**Problem description**
Your job is to transcribe all the records that follow, excluding any pictures.

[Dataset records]
*** Begin section ***
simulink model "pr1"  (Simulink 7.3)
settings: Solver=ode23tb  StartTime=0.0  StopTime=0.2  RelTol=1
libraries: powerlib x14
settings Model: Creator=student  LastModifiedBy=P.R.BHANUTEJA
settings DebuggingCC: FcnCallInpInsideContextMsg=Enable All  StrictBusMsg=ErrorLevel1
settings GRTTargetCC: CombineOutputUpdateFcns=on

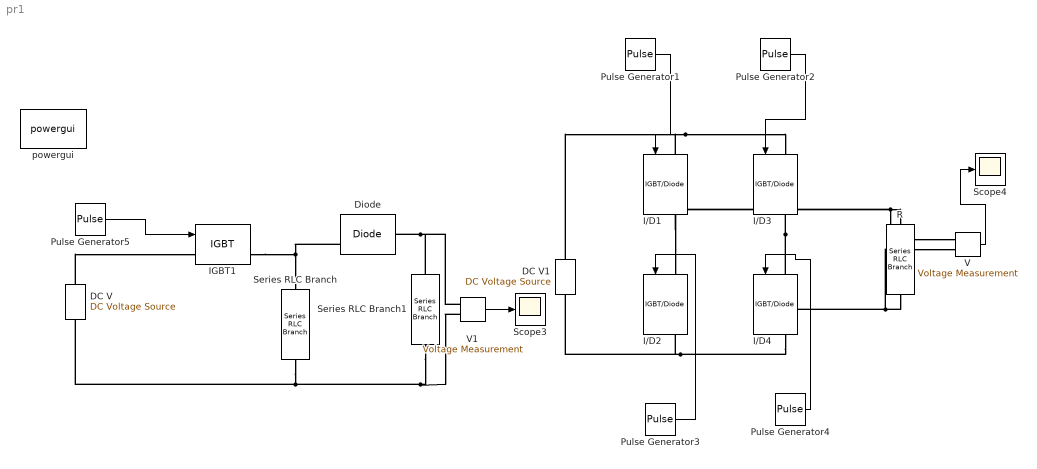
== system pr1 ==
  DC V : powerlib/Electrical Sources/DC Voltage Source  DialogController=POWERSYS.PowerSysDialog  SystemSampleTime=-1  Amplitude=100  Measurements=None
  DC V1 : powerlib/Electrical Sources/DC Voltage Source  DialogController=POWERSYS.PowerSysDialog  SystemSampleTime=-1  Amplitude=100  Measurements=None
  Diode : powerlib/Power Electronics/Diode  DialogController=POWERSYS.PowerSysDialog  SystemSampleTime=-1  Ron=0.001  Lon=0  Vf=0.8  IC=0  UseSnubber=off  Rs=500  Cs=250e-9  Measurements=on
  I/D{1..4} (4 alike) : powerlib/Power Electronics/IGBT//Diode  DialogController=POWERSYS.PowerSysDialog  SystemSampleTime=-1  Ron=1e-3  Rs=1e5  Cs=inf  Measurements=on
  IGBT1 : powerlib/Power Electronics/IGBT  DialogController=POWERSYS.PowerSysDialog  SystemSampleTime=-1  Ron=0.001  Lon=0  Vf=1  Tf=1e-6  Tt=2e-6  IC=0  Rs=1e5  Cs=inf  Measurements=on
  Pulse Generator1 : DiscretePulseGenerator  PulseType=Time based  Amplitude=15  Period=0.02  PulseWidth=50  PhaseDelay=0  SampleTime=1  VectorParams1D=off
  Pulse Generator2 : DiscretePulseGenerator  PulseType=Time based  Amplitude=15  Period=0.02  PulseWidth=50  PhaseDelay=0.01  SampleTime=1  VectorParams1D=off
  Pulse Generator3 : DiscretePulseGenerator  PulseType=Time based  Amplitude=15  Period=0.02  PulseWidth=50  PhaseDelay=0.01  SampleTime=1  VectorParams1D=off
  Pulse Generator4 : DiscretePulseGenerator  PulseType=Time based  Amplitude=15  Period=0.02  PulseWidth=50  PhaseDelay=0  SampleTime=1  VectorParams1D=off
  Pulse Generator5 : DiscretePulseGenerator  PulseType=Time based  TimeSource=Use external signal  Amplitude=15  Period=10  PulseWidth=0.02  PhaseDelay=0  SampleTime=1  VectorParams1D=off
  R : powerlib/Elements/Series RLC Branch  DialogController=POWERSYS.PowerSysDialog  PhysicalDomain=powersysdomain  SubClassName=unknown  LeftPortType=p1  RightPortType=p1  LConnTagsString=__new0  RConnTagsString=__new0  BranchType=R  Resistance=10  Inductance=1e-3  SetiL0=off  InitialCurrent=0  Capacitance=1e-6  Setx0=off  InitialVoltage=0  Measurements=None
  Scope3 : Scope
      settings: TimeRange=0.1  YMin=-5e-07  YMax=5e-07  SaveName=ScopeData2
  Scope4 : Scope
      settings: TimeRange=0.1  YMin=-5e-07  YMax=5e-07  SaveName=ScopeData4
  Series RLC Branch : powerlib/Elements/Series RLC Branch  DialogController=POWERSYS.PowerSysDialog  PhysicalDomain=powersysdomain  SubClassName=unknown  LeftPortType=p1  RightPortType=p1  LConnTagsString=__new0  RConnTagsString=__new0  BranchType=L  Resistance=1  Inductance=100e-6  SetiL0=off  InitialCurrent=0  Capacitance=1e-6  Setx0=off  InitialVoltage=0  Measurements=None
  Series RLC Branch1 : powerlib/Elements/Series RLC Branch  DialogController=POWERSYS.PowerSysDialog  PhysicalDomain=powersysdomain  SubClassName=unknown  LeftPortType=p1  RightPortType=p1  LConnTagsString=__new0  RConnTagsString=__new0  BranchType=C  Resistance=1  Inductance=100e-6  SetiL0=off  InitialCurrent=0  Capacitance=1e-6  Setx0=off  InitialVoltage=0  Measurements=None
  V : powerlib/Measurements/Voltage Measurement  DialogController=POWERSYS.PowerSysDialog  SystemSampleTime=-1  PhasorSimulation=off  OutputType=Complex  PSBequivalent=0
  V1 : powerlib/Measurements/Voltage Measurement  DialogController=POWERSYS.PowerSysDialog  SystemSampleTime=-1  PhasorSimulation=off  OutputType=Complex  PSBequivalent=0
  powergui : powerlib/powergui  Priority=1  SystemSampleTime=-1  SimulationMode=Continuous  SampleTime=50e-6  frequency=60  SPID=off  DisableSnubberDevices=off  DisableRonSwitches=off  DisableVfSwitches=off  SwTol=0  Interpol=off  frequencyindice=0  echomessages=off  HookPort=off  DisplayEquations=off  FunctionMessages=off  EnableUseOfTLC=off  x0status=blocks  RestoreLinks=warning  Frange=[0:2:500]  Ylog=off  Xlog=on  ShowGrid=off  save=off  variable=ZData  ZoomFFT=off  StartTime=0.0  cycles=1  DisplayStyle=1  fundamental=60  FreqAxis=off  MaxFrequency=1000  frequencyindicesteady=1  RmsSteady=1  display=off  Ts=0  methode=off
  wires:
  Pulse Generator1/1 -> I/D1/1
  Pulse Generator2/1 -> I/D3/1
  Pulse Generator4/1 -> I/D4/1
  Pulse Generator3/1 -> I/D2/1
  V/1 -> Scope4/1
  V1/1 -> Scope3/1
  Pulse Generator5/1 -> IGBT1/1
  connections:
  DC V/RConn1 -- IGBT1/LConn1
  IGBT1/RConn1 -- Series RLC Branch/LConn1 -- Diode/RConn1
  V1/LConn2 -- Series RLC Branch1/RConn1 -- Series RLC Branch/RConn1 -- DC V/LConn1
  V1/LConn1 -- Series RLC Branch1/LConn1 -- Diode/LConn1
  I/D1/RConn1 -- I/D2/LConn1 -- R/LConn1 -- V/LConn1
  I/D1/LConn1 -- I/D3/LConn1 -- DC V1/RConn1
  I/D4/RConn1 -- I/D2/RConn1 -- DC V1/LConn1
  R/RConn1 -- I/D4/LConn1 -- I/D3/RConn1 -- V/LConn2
*** End section ***
**Solution for this task**
simulink model "pr1"  (Simulink 7.3)
settings: Solver=ode23tb  StartTime=0.0  StopTime=0.2  RelTol=1
libraries: powerlib x14
settings Model: Creator=student  LastModifiedBy=P.R.BHANUTEJA
settings DebuggingCC: FcnCallInpInsideContextMsg=Enable All  StrictBusMsg=ErrorLevel1
settings GRTTargetCC: CombineOutputUpdateFcns=on

== system pr1 ==
  DC V : powerlib/Electrical Sources/DC Voltage Source  DialogController=POWERSYS.PowerSysDialog  SystemSampleTime=-1  Amplitude=100  Measurements=None
  DC V1 : powerlib/Electrical Sources/DC Voltage Source  DialogController=POWERSYS.PowerSysDialog  SystemSampleTime=-1  Amplitude=100  Measurements=None
  Diode : powerlib/Power Electronics/Diode  DialogController=POWERSYS.PowerSysDialog  SystemSampleTime=-1  Ron=0.001  Lon=0  Vf=0.8  IC=0  UseSnubber=off  Rs=500  Cs=250e-9  Measurements=on
  I/D{1..4} (4 alike) : powerlib/Power Electronics/IGBT//Diode  DialogController=POWERSYS.PowerSysDialog  SystemSampleTime=-1  Ron=1e-3  Rs=1e5  Cs=inf  Measurements=on
  IGBT1 : powerlib/Power Electronics/IGBT  DialogController=POWERSYS.PowerSysDialog  SystemSampleTime=-1  Ron=0.001  Lon=0  Vf=1  Tf=1e-6  Tt=2e-6  IC=0  Rs=1e5  Cs=inf  Measurements=on
  Pulse Generator1 : DiscretePulseGenerator  PulseType=Time based  Amplitude=15  Period=0.02  PulseWidth=50  PhaseDelay=0  SampleTime=1  VectorParams1D=off
  Pulse Generator2 : DiscretePulseGenerator  PulseType=Time based  Amplitude=15  Period=0.02  PulseWidth=50  PhaseDelay=0.01  SampleTime=1  VectorParams1D=off
  Pulse Generator3 : DiscretePulseGenerator  PulseType=Time based  Amplitude=15  Period=0.02  PulseWidth=50  PhaseDelay=0.01  SampleTime=1  VectorParams1D=off
  Pulse Generator4 : DiscretePulseGenerator  PulseType=Time based  Amplitude=15  Period=0.02  PulseWidth=50  PhaseDelay=0  SampleTime=1  VectorParams1D=off
  Pulse Generator5 : DiscretePulseGenerator  PulseType=Time based  TimeSource=Use external signal  Amplitude=15  Period=10  PulseWidth=0.02  PhaseDelay=0  SampleTime=1  VectorParams1D=off
  R : powerlib/Elements/Series RLC Branch  DialogController=POWERSYS.PowerSysDialog  PhysicalDomain=powersysdomain  SubClassName=unknown  LeftPortType=p1  RightPortType=p1  LConnTagsString=__new0  RConnTagsString=__new0  BranchType=R  Resistance=10  Inductance=1e-3  SetiL0=off  InitialCurrent=0  Capacitance=1e-6  Setx0=off  InitialVoltage=0  Measurements=None
  Scope3 : Scope
      settings: TimeRange=0.1  YMin=-5e-07  YMax=5e-07  SaveName=ScopeData2
  Scope4 : Scope
      settings: TimeRange=0.1  YMin=-5e-07  YMax=5e-07  SaveName=ScopeData4
  Series RLC Branch : powerlib/Elements/Series RLC Branch  DialogController=POWERSYS.PowerSysDialog  PhysicalDomain=powersysdomain  SubClassName=unknown  LeftPortType=p1  RightPortType=p1  LConnTagsString=__new0  RConnTagsString=__new0  BranchType=L  Resistance=1  Inductance=100e-6  SetiL0=off  InitialCurrent=0  Capacitance=1e-6  Setx0=off  InitialVoltage=0  Measurements=None
  Series RLC Branch1 : powerlib/Elements/Series RLC Branch  DialogController=POWERSYS.PowerSysDialog  PhysicalDomain=powersysdomain  SubClassName=unknown  LeftPortType=p1  RightPortType=p1  LConnTagsString=__new0  RConnTagsString=__new0  BranchType=C  Resistance=1  Inductance=100e-6  SetiL0=off  InitialCurrent=0  Capacitance=1e-6  Setx0=off  InitialVoltage=0  Measurements=None
  V : powerlib/Measurements/Voltage Measurement  DialogController=POWERSYS.PowerSysDialog  SystemSampleTime=-1  PhasorSimulation=off  OutputType=Complex  PSBequivalent=0
  V1 : powerlib/Measurements/Voltage Measurement  DialogController=POWERSYS.PowerSysDialog  SystemSampleTime=-1  PhasorSimulation=off  OutputType=Complex  PSBequivalent=0
  powergui : powerlib/powergui  Priority=1  SystemSampleTime=-1  SimulationMode=Continuous  SampleTime=50e-6  frequency=60  SPID=off  DisableSnubberDevices=off  DisableRonSwitches=off  DisableVfSwitches=off  SwTol=0  Interpol=off  frequencyindice=0  echomessages=off  HookPort=off  DisplayEquations=off  FunctionMessages=off  EnableUseOfTLC=off  x0status=blocks  RestoreLinks=warning  Frange=[0:2:500]  Ylog=off  Xlog=on  ShowGrid=off  save=off  variable=ZData  ZoomFFT=off  StartTime=0.0  cycles=1  DisplayStyle=1  fundamental=60  FreqAxis=off  MaxFrequency=1000  frequencyindicesteady=1  RmsSteady=1  display=off  Ts=0  methode=off
  wires:
  Pulse Generator1/1 -> I/D1/1
  Pulse Generator2/1 -> I/D3/1
  Pulse Generator4/1 -> I/D4/1
  Pulse Generator3/1 -> I/D2/1
  V/1 -> Scope4/1
  V1/1 -> Scope3/1
  Pulse Generator5/1 -> IGBT1/1
  connections:
  DC V/RConn1 -- IGBT1/LConn1
  IGBT1/RConn1 -- Series RLC Branch/LConn1 -- Diode/RConn1
  V1/LConn2 -- Series RLC Branch1/RConn1 -- Series RLC Branch/RConn1 -- DC V/LConn1
  V1/LConn1 -- Series RLC Branch1/LConn1 -- Diode/LConn1
  I/D1/RConn1 -- I/D2/LConn1 -- R/LConn1 -- V/LConn1
  I/D1/LConn1 -- I/D3/LConn1 -- DC V1/RConn1
  I/D4/RConn1 -- I/D2/RConn1 -- DC V1/LConn1
  R/RConn1 -- I/D4/LConn1 -- I/D3/RConn1 -- V/LConn2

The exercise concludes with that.